**What the task asks**:
Print verbatim the opening line of the material and every subsequent line through the one containing "runFirst2.m = 3.4)".
§
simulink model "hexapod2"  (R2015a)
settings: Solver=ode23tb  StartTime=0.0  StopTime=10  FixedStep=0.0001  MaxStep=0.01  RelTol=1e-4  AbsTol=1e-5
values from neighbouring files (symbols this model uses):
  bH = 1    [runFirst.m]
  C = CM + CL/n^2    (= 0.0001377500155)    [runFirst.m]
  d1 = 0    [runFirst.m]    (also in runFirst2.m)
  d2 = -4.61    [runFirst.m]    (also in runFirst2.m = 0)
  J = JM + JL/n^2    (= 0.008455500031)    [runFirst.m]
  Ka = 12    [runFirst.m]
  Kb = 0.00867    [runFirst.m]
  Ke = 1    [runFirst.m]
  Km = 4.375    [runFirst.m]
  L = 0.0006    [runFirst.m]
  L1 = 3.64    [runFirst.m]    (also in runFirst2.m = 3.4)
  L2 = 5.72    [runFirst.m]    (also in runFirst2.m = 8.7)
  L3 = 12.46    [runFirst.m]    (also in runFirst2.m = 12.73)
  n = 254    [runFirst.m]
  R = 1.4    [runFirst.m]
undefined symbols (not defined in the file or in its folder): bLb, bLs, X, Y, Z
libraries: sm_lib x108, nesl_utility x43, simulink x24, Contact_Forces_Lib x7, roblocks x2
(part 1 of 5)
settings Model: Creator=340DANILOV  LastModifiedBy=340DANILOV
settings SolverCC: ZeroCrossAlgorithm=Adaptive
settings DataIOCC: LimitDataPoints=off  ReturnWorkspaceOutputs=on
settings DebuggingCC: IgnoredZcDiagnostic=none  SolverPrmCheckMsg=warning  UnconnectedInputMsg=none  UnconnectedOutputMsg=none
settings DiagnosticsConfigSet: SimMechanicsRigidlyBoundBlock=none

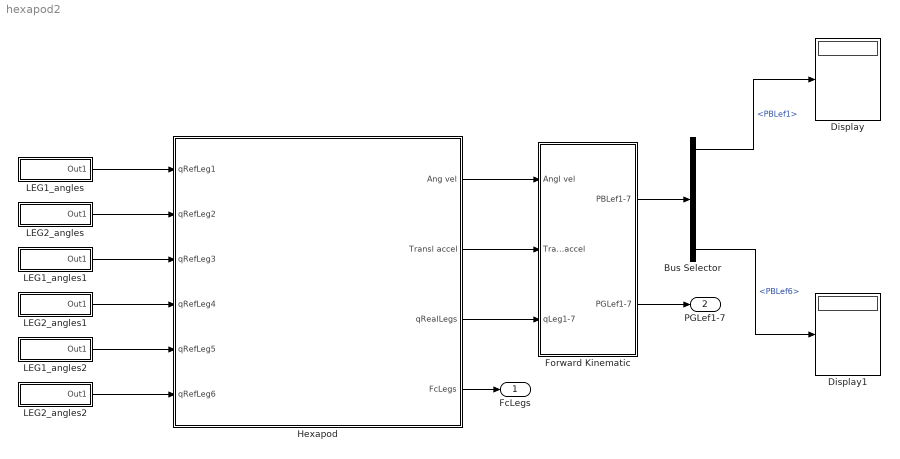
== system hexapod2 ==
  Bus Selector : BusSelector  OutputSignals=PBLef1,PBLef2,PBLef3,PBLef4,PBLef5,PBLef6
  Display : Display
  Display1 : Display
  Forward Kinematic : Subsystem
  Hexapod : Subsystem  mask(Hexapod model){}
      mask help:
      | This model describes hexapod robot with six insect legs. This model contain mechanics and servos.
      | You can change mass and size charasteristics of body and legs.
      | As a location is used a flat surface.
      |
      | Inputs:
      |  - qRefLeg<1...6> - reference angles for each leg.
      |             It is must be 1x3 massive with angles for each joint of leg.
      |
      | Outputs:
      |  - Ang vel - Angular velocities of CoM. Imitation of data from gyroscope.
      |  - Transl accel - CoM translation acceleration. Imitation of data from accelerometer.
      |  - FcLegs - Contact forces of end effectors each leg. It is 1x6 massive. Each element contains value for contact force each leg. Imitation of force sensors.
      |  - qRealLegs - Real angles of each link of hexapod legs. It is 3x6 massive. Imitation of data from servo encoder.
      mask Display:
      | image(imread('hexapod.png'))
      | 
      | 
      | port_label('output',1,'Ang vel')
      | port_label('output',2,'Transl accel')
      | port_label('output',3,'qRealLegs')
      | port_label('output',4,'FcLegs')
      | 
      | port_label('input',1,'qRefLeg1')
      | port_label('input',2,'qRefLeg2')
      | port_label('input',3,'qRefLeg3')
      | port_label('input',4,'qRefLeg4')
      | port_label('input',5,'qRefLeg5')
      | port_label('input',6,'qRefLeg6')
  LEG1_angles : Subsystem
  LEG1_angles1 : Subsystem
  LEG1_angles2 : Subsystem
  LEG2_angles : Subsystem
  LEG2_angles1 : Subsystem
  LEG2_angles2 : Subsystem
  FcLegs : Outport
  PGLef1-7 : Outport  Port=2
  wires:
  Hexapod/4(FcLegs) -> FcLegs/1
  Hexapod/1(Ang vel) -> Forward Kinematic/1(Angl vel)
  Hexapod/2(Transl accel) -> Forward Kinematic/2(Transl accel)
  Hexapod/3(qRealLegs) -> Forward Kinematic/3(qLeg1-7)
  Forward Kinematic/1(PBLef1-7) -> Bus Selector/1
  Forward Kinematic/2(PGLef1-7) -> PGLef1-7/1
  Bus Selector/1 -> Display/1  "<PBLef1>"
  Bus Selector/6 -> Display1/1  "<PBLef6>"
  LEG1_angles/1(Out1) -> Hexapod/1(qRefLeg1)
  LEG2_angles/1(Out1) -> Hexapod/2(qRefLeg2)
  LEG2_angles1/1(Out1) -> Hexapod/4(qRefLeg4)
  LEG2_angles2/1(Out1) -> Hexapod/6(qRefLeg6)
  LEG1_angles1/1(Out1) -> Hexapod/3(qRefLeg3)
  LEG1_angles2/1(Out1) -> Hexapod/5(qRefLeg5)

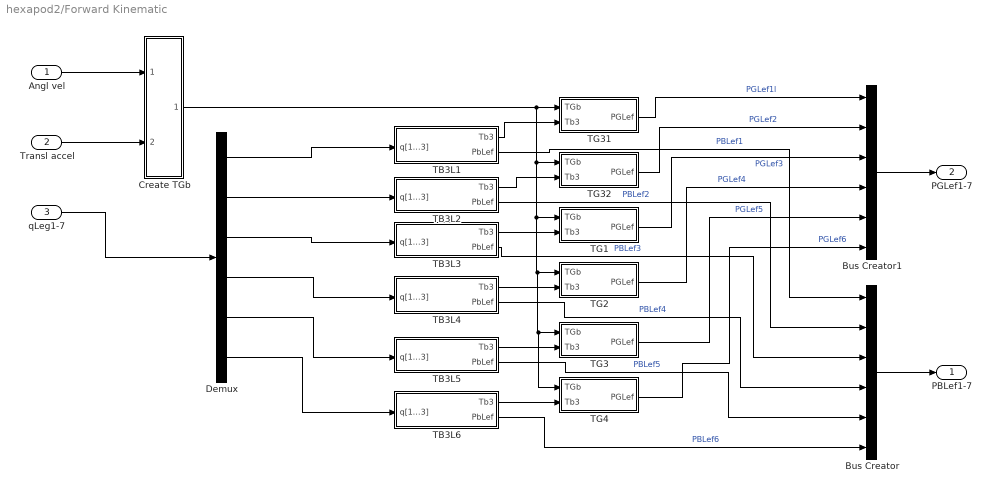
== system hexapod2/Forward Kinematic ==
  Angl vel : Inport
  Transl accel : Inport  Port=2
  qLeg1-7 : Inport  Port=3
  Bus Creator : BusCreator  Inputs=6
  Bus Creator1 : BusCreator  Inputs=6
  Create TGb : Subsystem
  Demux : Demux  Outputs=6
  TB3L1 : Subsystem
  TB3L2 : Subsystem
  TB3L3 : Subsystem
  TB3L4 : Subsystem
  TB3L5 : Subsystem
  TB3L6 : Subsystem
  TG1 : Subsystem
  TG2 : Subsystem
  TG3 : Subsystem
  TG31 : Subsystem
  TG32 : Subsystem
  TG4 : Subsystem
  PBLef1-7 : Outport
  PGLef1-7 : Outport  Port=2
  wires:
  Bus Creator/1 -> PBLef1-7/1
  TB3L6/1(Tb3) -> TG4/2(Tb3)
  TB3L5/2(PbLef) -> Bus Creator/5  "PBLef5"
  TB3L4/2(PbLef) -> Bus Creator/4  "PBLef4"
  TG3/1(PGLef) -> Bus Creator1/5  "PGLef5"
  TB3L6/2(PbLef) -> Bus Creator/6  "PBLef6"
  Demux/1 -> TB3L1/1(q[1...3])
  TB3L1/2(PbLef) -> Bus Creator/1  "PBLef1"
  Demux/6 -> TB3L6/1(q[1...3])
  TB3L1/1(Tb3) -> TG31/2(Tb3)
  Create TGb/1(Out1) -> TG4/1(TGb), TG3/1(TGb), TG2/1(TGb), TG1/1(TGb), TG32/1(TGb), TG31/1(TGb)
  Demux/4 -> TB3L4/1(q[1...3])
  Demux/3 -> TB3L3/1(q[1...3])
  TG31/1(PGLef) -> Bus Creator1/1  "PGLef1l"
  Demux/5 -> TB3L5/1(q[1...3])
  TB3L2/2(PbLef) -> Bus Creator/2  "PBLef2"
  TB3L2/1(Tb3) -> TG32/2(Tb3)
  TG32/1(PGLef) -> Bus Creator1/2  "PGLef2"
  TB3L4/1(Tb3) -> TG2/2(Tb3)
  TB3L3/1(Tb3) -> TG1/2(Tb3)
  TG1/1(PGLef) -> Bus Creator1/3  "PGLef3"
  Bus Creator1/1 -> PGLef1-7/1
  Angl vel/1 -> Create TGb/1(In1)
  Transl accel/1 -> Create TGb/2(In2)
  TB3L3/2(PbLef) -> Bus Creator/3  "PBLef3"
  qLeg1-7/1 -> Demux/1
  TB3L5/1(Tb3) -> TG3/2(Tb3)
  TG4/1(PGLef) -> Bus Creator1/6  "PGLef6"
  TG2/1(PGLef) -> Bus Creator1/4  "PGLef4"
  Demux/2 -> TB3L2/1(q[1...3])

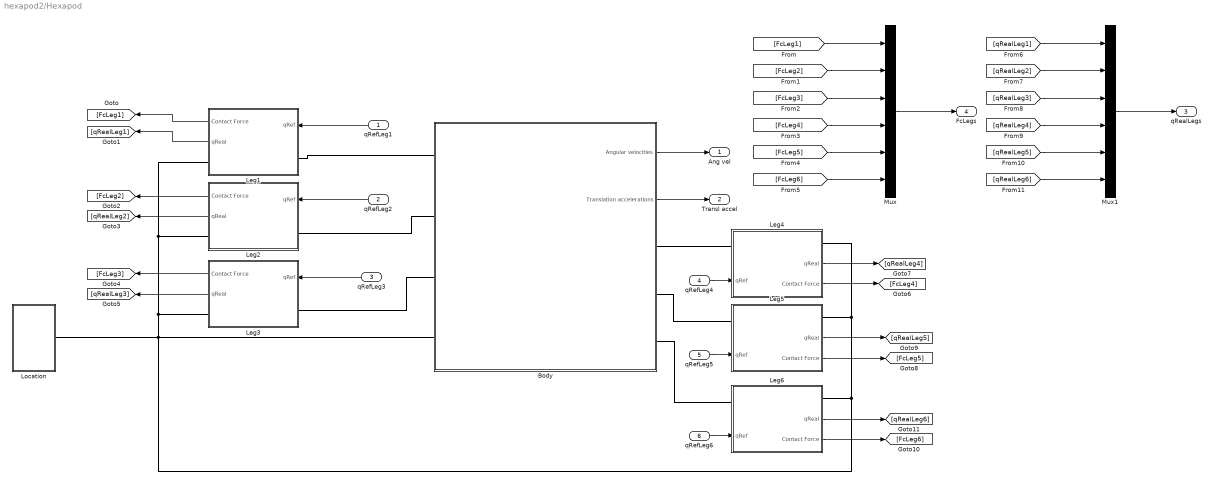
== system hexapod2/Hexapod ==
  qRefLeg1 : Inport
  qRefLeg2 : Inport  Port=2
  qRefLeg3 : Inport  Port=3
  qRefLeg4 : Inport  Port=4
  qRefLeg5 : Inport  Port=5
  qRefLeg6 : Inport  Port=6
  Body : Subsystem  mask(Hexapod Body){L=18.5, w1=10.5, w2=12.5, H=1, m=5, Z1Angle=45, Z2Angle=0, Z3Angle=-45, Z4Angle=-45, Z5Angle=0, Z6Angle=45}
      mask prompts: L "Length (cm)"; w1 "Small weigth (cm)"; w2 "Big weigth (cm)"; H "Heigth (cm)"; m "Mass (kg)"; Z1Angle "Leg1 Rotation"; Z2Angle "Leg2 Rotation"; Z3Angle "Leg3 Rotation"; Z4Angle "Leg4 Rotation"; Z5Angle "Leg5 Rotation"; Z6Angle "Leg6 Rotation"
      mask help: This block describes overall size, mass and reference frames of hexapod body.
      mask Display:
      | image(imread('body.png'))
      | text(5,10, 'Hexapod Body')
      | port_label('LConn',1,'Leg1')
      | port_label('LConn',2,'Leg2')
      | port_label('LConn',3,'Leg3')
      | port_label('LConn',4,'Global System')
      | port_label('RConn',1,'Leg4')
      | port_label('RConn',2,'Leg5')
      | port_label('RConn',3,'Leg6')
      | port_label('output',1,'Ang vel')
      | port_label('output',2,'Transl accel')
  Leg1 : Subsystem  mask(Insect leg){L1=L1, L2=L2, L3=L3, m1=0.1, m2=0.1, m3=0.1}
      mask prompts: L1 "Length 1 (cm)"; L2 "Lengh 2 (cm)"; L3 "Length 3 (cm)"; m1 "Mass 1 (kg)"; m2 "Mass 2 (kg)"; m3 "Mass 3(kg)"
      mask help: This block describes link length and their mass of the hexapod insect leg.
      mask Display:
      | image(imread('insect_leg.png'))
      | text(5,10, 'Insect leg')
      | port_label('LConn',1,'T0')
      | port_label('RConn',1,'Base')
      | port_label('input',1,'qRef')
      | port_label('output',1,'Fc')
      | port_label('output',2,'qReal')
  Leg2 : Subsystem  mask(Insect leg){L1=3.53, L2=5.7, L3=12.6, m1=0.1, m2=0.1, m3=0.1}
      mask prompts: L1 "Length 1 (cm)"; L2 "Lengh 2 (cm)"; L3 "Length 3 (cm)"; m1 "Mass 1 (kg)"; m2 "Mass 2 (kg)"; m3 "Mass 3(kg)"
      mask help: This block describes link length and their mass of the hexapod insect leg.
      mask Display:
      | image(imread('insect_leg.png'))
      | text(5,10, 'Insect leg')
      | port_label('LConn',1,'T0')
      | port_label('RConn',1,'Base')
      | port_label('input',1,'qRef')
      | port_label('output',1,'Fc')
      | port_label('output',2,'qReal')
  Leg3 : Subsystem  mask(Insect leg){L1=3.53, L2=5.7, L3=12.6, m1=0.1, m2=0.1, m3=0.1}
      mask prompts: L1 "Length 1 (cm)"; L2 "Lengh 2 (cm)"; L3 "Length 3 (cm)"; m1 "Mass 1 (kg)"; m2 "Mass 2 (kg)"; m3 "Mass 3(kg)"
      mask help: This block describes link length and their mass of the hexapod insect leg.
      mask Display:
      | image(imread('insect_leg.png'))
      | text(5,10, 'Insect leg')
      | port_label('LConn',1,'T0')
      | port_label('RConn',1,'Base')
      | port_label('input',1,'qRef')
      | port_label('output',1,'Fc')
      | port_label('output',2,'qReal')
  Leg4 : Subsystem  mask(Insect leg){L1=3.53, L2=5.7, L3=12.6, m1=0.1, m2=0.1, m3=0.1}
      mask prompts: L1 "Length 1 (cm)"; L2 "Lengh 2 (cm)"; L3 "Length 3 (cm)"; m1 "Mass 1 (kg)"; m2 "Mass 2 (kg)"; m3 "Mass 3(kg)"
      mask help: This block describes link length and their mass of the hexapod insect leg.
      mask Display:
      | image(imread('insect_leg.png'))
§
**Solution below**:
simulink model "hexapod2"  (R2015a)
settings: Solver=ode23tb  StartTime=0.0  StopTime=10  FixedStep=0.0001  MaxStep=0.01  RelTol=1e-4  AbsTol=1e-5
values from neighbouring files (symbols this model uses):
  bH = 1    [runFirst.m]
  C = CM + CL/n^2    (= 0.0001377500155)    [runFirst.m]
  d1 = 0    [runFirst.m]    (also in runFirst2.m)
  d2 = -4.61    [runFirst.m]    (also in runFirst2.m = 0)
  J = JM + JL/n^2    (= 0.008455500031)    [runFirst.m]
  Ka = 12    [runFirst.m]
  Kb = 0.00867    [runFirst.m]
  Ke = 1    [runFirst.m]
  Km = 4.375    [runFirst.m]
  L = 0.0006    [runFirst.m]
  L1 = 3.64    [runFirst.m]    (also in runFirst2.m = 3.4)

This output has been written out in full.